The bowties are porous structures, and the researchers believe that the pores are also chiral. These pores could potentially function as tiny reaction chambers that preferentially or even exclusively produce the right- or left-handed version.
“What hasn’t been seen in any chiral systems before is that we can control the twist from a fully twisted left-handed structure to a flat pancake to a fully twisted right-handed structure. We call this a chirality continuum,” said Prashant Kumar, a post-doctoral research fellow in chemical engineering at U-M and first author of the study in Nature.
Kumar tested the bowties as a sort of paint, mixing them with polyacrylic acid and dabbing them onto glass, fabric, plastic and other materials. Experiments with lasers showed that this paint reflected twisted light only when the twist in the light matched the twist in the bowtie shape.
In making the bowties, Kumar started with a solution of water, sodium hydroxide (also known as lye), and cystine, a protein fragment that comes in left and right handed versions. To that, he added cadmium metal. First, the cadmium and cystine wove themselves into nano-plates, just 1.2 nanometers thick, or about a millionth of a millimeter, and 50 to 200 nanometers wide. Then, they grew into ribbons and finally bowtie-like shapes with a candy-wrapper twist.
If the cystine was all left-handed, they made left-handed bowties, and right-handed cystine yielded right-handed bowties. But with different ratios of left-and right-handed cystine, they made intermediate twists, including the flat pancake at a 50-50 ratio. The pitch of the tightest bowties, basically the length of a 360-degree turn, is about 4000 nanometers long, within infrared light’s range of wavelengths.

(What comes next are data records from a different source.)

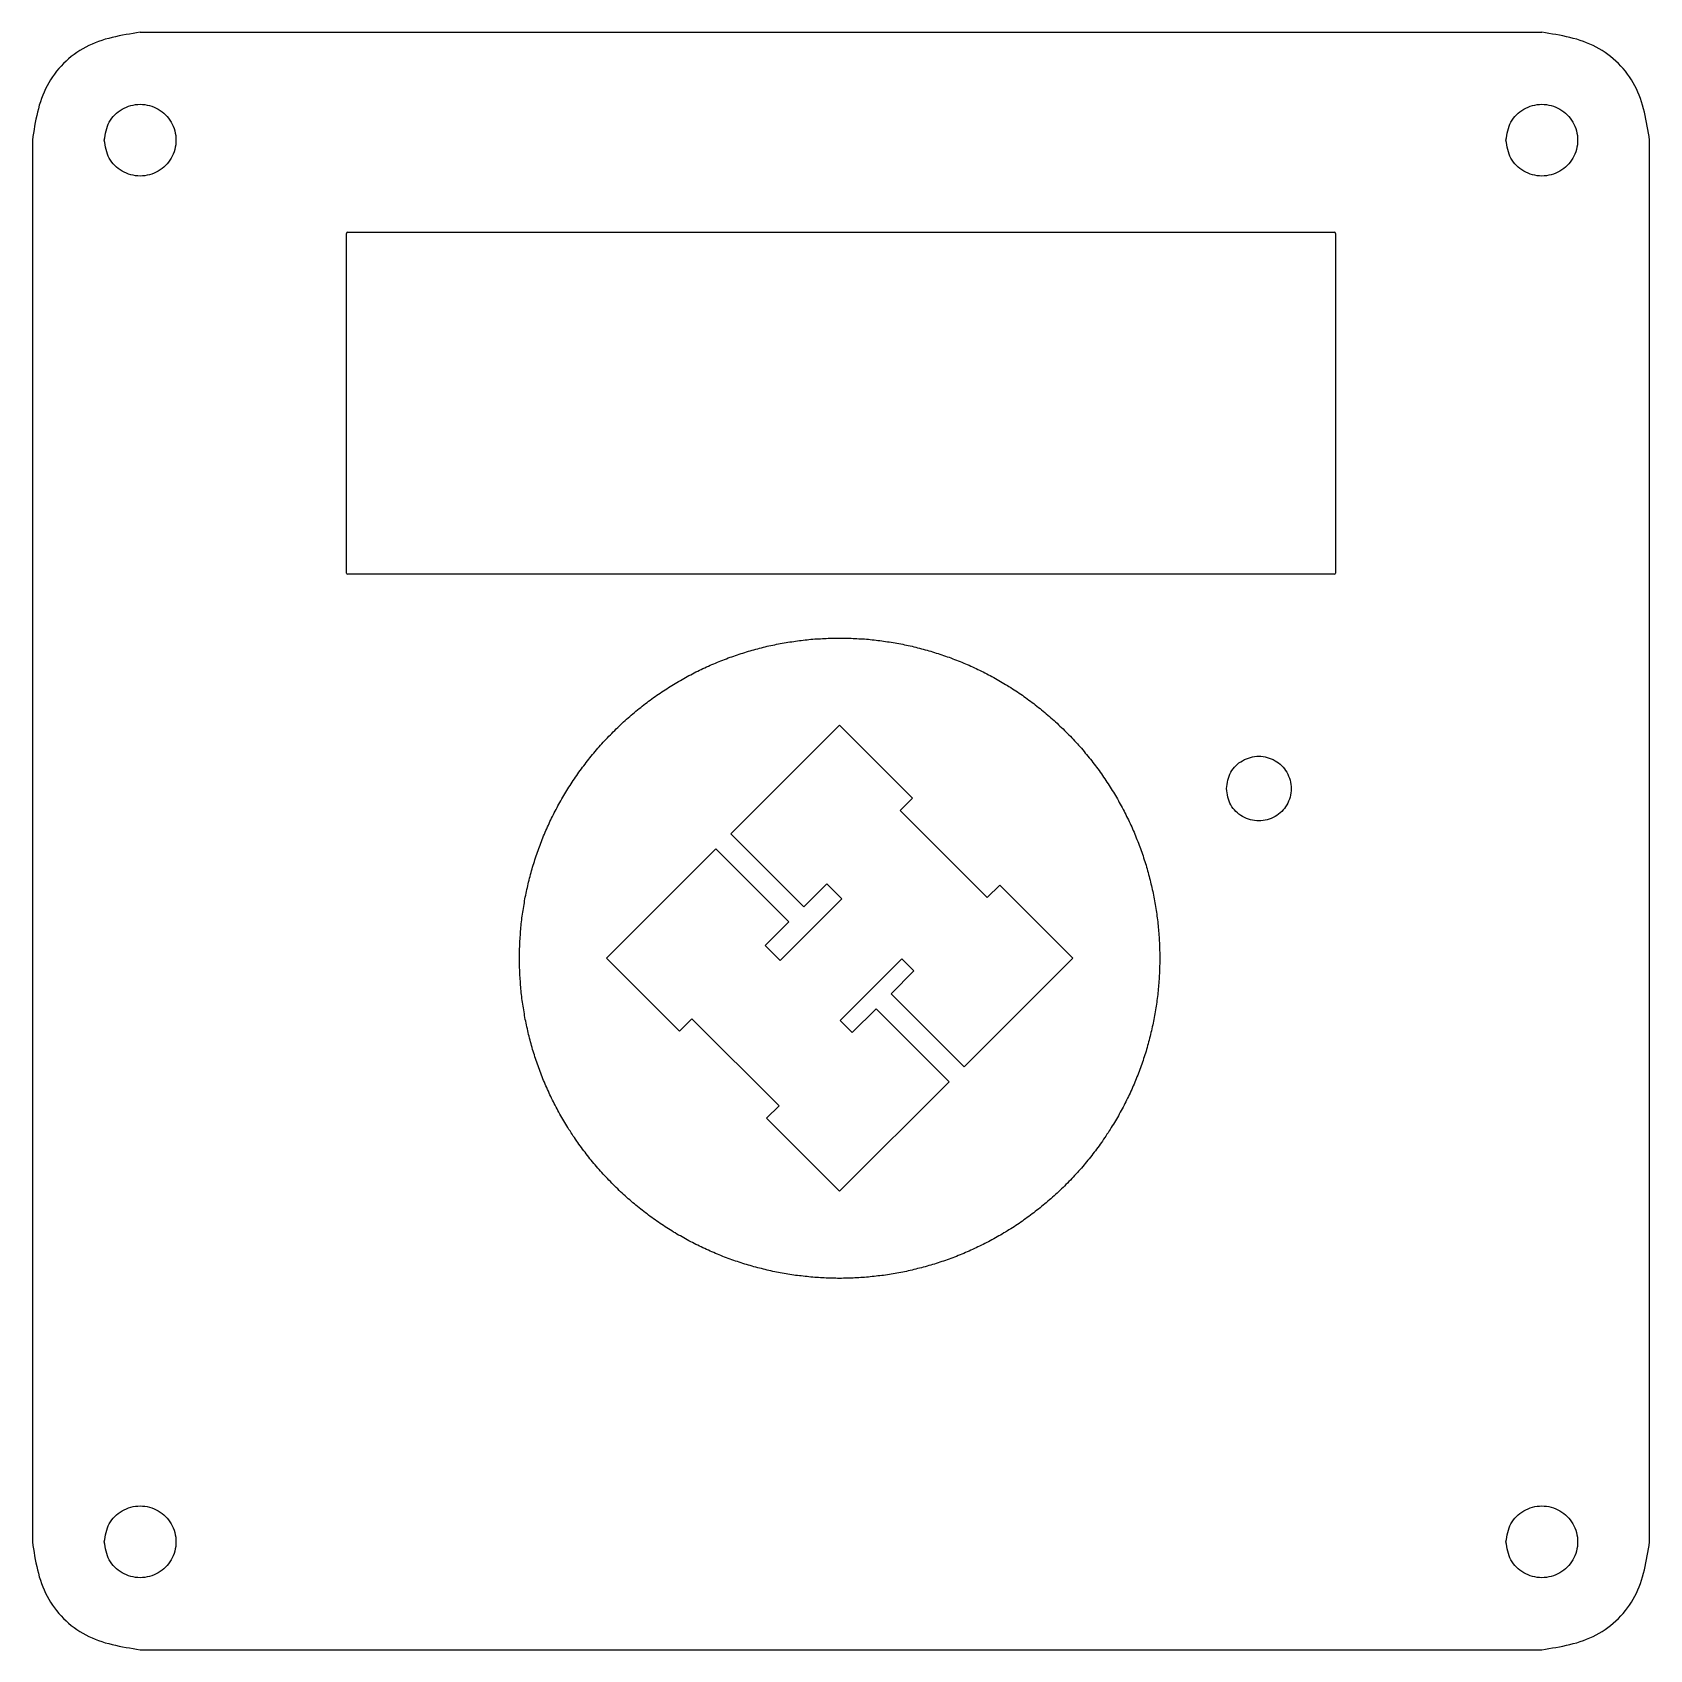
# Model space of a CAD drawing. Extents: x 24 to 334, y 24 to 174.
# Drawn here: x 183.5 to 333.5, y 23.6 to 173.6 of the extents above; entities that cross this region are included whole.
import ezdxf

# ---------------------------------------------------------------- set-up
doc = ezdxf.new("R2010")
doc.units = 0
doc.layers.add('CUT', color=3, linetype='CONTINUOUS')
doc.layers.add('ETCH2', color=6, linetype='CONTINUOUS')

msp = doc.modelspace()

# ---------------------------------------------------------------- linework, layer by layer
at = {"layer": 'CUT'}
for p, q in [((323.55, 173.64), (193.55, 173.64)), ((183.55, 163.64), (183.55, 33.64)), ((333.55, 33.64), (333.55, 163.64)), ((212.7, 123.5), (212.7, 155)), ((212.8, 155.1), (304.3, 155.1)), ((304.4, 155), (304.4, 123.5)), ((304.3, 123.4), (212.8, 123.4)), ((193.55, 23.64), (323.55, 23.64))]:
    msp.add_line(p, q, dxfattribs=at)
at = {"layer": 'CUT', "linetype": 'ByBlock'}
for centre, start, end in [((212.8, 155), 90, 180), ((304.3, 155), 0, 90), ((212.8, 123.5), 180, 270), ((304.3, 123.5), 270, 0)]:
    msp.add_arc(centre, 0.1, start, end, dxfattribs=at)
at = {"layer": 'CUT'}
for points, knots in [([(193.55, 173.65), (191.8, 173.37), (188.34, 172.83), (184.37, 168.85), (183.82, 165.4), (183.55, 163.64)], [0, 0, 0, 0, 5.228747, 10.302411, 15.531158, 15.531158, 15.531158, 15.531158]), ([(333.55, 163.64), (333.27, 165.4), (332.73, 168.85), (328.75, 172.83), (325.3, 173.37), (323.55, 173.65)], [0, 0, 0, 0, 5.228746, 10.302406, 15.531162, 15.531162, 15.531162, 15.531162]), ([(190.22, 163.64), (190.32, 163.06), (190.5, 161.9), (191.82, 160.63), (193.55, 160.16), (195.29, 160.63), (196.56, 161.9), (197.03, 163.64), (196.56, 165.39), (195.29, 166.66), (193.55, 167.13), (191.82, 166.66), (190.5, 165.39), (190.32, 164.23), (190.22, 163.64)], [0, 0, 0, 0, 1.738598, 3.425633, 5.16423, 6.902828, 8.589863, 10.328461, 12.067058, 13.754093, 15.492691, 17.231288, 18.918323, 20.65692, 20.65692, 20.65692, 20.65692]), ([(320.22, 163.64), (320.32, 163.06), (320.5, 161.9), (321.82, 160.63), (323.55, 160.16), (325.29, 160.63), (326.56, 161.9), (327.03, 163.64), (326.56, 165.39), (325.29, 166.66), (323.55, 167.13), (321.82, 166.66), (320.5, 165.39), (320.32, 164.23), (320.22, 163.64)], [0, 0, 0, 0, 1.738597, 3.425629, 5.164235, 6.90284, 8.589872, 10.328469, 12.067065, 13.754097, 15.492702, 17.231307, 18.91834, 20.656936, 20.656936, 20.656936, 20.656936]), ([(294.3, 103.5), (294.38, 102.98), (294.54, 101.93), (295.74, 100.79), (297.3, 100.36), (298.87, 100.79), (300.02, 101.93), (300.44, 103.5), (300.02, 105.08), (298.87, 106.22), (297.3, 106.65), (295.74, 106.22), (294.54, 105.08), (294.38, 104.03), (294.3, 103.5)], [0, 0, 0, 0, 1.568608, 3.09069, 4.6593, 6.227903, 7.749987, 9.318596, 10.887206, 12.40929, 13.977891, 15.546502, 17.068583, 18.637193, 18.637193, 18.637193, 18.637193]), ([(190.22, 33.64), (190.32, 33.06), (190.5, 31.9), (191.82, 30.63), (193.55, 30.16), (195.29, 30.63), (196.56, 31.9), (197.03, 33.64), (196.56, 35.39), (195.29, 36.66), (193.55, 37.13), (191.82, 36.66), (190.5, 35.39), (190.32, 34.23), (190.22, 33.64)], [0, 0, 0, 0, 1.738603, 3.425636, 5.164232, 6.90283, 8.589863, 10.328465, 12.067067, 13.7541, 15.492698, 17.231294, 18.918327, 20.656929, 20.656929, 20.656929, 20.656929]), ([(320.22, 33.64), (320.32, 33.06), (320.5, 31.9), (321.82, 30.63), (323.55, 30.16), (325.29, 30.63), (326.56, 31.9), (327.03, 33.64), (326.56, 35.39), (325.29, 36.66), (323.55, 37.13), (321.82, 36.66), (320.5, 35.39), (320.32, 34.23), (320.22, 33.64)], [0, 0, 0, 0, 1.738602, 3.425632, 5.164237, 6.902841, 8.589871, 10.328473, 12.067074, 13.754104, 15.492708, 17.231313, 18.918344, 20.656944, 20.656944, 20.656944, 20.656944]), ([(183.55, 33.64), (183.82, 31.89), (184.37, 28.44), (188.34, 24.46), (191.8, 23.92), (193.55, 23.64)], [0, 0, 0, 0, 5.228748, 10.302412, 15.531159, 15.531159, 15.531159, 15.531159]), ([(323.55, 23.64), (325.3, 23.92), (328.75, 24.46), (332.73, 28.44), (333.27, 31.89), (333.55, 33.64)], [0, 0, 0, 0, 5.228756, 10.302416, 15.531163, 15.531163, 15.531163, 15.531163])]:
    msp.add_open_spline(points, degree=3, knots=knots, dxfattribs=at)
at = {"layer": 'ETCH2'}
for p, q in [((253.1, 116.99), (253.28, 117.02)), ((253.28, 117.02), (253.45, 117.05)), ((253.45, 117.05), (253.63, 117.08)), ((253.63, 117.08), (253.8, 117.11)), ((253.8, 117.11), (253.98, 117.13)), ((253.98, 117.13), (254.16, 117.16)), ((254.16, 117.16), (254.33, 117.18)), ((254.33, 117.18), (254.51, 117.21)), ((254.51, 117.21), (254.69, 117.23)), ((254.69, 117.23), (254.86, 117.25)), ((254.86, 117.25), (255.04, 117.27)), ((255.04, 117.27), (255.22, 117.29)), ((255.22, 117.29), (255.4, 117.31)), ((255.4, 117.31), (255.57, 117.33)), ((255.57, 117.33), (255.75, 117.35)), ((255.75, 117.35), (255.93, 117.36)), ((255.93, 117.36), (256.11, 117.38)), ((256.11, 117.38), (256.28, 117.39)), ((256.28, 117.39), (256.46, 117.4)), ((256.46, 117.4), (256.64, 117.41)), ((256.64, 117.41), (256.82, 117.42)), ((256.82, 117.42), (256.99, 117.43)), ((256.99, 117.43), (257.17, 117.44)), ((257.17, 117.44), (257.35, 117.45)), ((257.35, 117.45), (257.53, 117.45)), ((257.53, 117.45), (257.71, 117.46)), ((257.71, 117.46), (257.88, 117.46)), ((257.88, 117.46), (258.06, 117.46)), ((258.06, 117.46), (258.24, 117.46)), ((258.24, 117.46), (258.42, 117.46)), ((258.42, 117.46), (258.6, 117.46)), ((258.6, 117.46), (258.78, 117.46)), ((258.78, 117.46), (258.95, 117.46)), ((258.95, 117.46), (259.13, 117.46)), ((259.13, 117.46), (259.31, 117.45)), ((259.31, 117.45), (259.49, 117.45)), ((259.49, 117.45), (259.67, 117.44)), ((259.67, 117.44), (259.84, 117.43)), ((259.84, 117.43), (260.02, 117.42)), ((260.02, 117.42), (260.2, 117.41)), ((260.2, 117.41), (260.38, 117.4)), ((260.38, 117.4), (260.55, 117.39)), ((260.55, 117.39), (260.73, 117.38)), ((260.73, 117.38), (260.91, 117.36)), ((260.91, 117.36), (261.09, 117.35)), ((261.09, 117.35), (261.27, 117.33)), ((261.27, 117.33), (261.44, 117.31)), ((261.44, 117.31), (261.62, 117.29)), ((261.62, 117.29), (261.8, 117.27)), ((261.8, 117.27), (261.97, 117.25)), ((261.97, 117.25), (262.15, 117.23)), ((262.15, 117.23), (262.33, 117.21)), ((262.33, 117.21), (262.5, 117.18)), ((262.5, 117.18), (262.68, 117.16)), ((262.68, 117.16), (262.86, 117.13)), ((262.86, 117.13), (263.03, 117.11)), ((263.03, 117.11), (263.21, 117.08)), ((263.21, 117.08), (263.39, 117.05)), ((263.39, 117.05), (263.56, 117.02)), ((263.56, 117.02), (263.74, 116.99)), ((247.75, 115.49), (247.92, 115.55)), ((247.92, 115.55), (248.09, 115.62)), ((248.09, 115.62), (248.26, 115.68)), ((248.26, 115.68), (248.43, 115.74)), ((248.43, 115.74), (248.6, 115.8)), ((248.6, 115.8), (248.77, 115.86)), ((248.77, 115.86), (248.94, 115.92)), ((248.94, 115.92), (249.11, 115.97)), ((249.11, 115.97), (249.28, 116.03)), ((249.28, 116.03), (249.45, 116.08)), ((249.45, 116.08), (249.62, 116.14)), ((249.62, 116.14), (249.79, 116.19)), ((249.79, 116.19), (249.97, 116.24)), ((249.97, 116.24), (250.14, 116.29)), ((250.14, 116.29), (250.31, 116.34)), ((250.31, 116.34), (250.48, 116.39)), ((250.48, 116.39), (250.66, 116.44)), ((250.66, 116.44), (250.83, 116.48)), ((250.83, 116.48), (251, 116.53)), ((251, 116.53), (251.18, 116.57)), ((251.18, 116.57), (251.35, 116.62)), ((251.35, 116.62), (251.52, 116.66)), ((251.52, 116.66), (251.7, 116.7)), ((251.7, 116.7), (251.87, 116.74)), ((251.87, 116.74), (252.05, 116.78)), ((252.05, 116.78), (252.22, 116.81)), ((252.22, 116.81), (252.4, 116.85)), ((252.4, 116.85), (252.57, 116.89)), ((252.57, 116.89), (252.75, 116.92)), ((252.75, 116.92), (252.92, 116.95)), ((252.92, 116.95), (253.1, 116.99)), ((263.74, 116.99), (263.91, 116.95)), ((263.91, 116.95), (264.09, 116.92)), ((264.09, 116.92), (264.27, 116.89)), ((264.27, 116.89), (264.44, 116.85)), ((264.44, 116.85), (264.62, 116.81)), ((264.62, 116.81), (264.79, 116.78)), ((264.79, 116.78), (264.96, 116.74)), ((264.96, 116.74), (265.14, 116.7)), ((265.14, 116.7), (265.31, 116.66)), ((265.31, 116.66), (265.49, 116.62)), ((265.49, 116.62), (265.66, 116.57)), ((265.66, 116.57), (265.84, 116.53)), ((265.84, 116.53), (266.01, 116.48)), ((266.01, 116.48), (266.18, 116.44)), ((266.18, 116.44), (266.35, 116.39)), ((266.35, 116.39), (266.53, 116.34)), ((266.53, 116.34), (266.7, 116.29)), ((266.7, 116.29), (266.87, 116.24)), ((266.87, 116.24), (267.04, 116.19)), ((267.04, 116.19), (267.22, 116.14)), ((267.22, 116.14), (267.39, 116.08)), ((267.39, 116.08), (267.56, 116.03)), ((267.56, 116.03), (267.73, 115.97)), ((267.73, 115.97), (267.9, 115.92)), ((267.9, 115.92), (268.07, 115.86)), ((268.07, 115.86), (268.24, 115.8)), ((268.24, 115.8), (268.41, 115.74)), ((268.41, 115.74), (268.58, 115.68)), ((268.58, 115.68), (268.75, 115.62)), ((268.75, 115.62), (268.92, 115.55)), ((268.92, 115.55), (269.09, 115.49)), ((244.45, 113.98), (244.61, 114.07)), ((244.61, 114.07), (244.77, 114.15)), ((244.77, 114.15), (244.94, 114.24)), ((244.94, 114.24), (245.1, 114.32)), ((245.1, 114.32), (245.26, 114.4)), ((245.26, 114.4), (245.43, 114.48)), ((245.43, 114.48), (245.59, 114.56)), ((245.59, 114.56), (245.75, 114.64)), ((245.75, 114.64), (245.92, 114.71)), ((245.92, 114.71), (246.08, 114.79)), ((246.08, 114.79), (246.25, 114.86)), ((246.25, 114.86), (246.41, 114.94)), ((246.41, 114.94), (246.58, 115.01)), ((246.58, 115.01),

In contrast with other chiral nanostructures, which can take days to self-assemble, the bowties formed in just 90 seconds. This meant that Kumar along with two seniors in chemical engineering at U-M, Alexander Simon and Daniel Katz, could try hundreds of different reaction conditions each week. They produced 5000 different shapes within the bowtie spectrum.
Kumar, along with Wenqian Xu, a staff scientist at Argonne National Laboratory, uncovered the structure of the bowties in atomic detail using X-rays. Then, Thi Vo, who was a U-M postdoctoral researcher in chemical engineering at the time, used computer simulations to explore exactly how the bowties formed.
“Not only do we know the progression from the atomic scale all the way up to the micron-scale of the bowties, we also have theory and experiments that show us the guiding forces. With that fundamental understanding, you can design a bunch of other particles,” said Vo, who worked with Sharon Glotzer, co-corresponding author of the study and the Anthony C. Lembke Department Chair of Chemical Engineering at U-M.
Additional material analysis and contributions to theory were provided by collaborators at U-M, the University of Pennsylvania, the University of Palermo in Italy and Pro Vitam Ltd, Romania.
This study was supported by the Office of Naval Research, the National Science Foundation, and the Army Research Office.
Kotov is also the Joseph B. and Florence V. Cejka Professor of Engineering and a professor of chemical engineering and macromolecular science and engineering. Vo is now a professor of chemical and biomolecular engineering at Johns Hopkins University. Glotzer is also the John Werner Cahn Distinguished University Professor of Engineering, the Stuart W. Churchill Collegiate Professor of Chemical Engineering, and a professor of materials science and engineering, macromolecular science and engineering and physics. Simon and Katz are now PhD students in chemical engineering at Northwestern University and the University of California Los Angeles, respectively.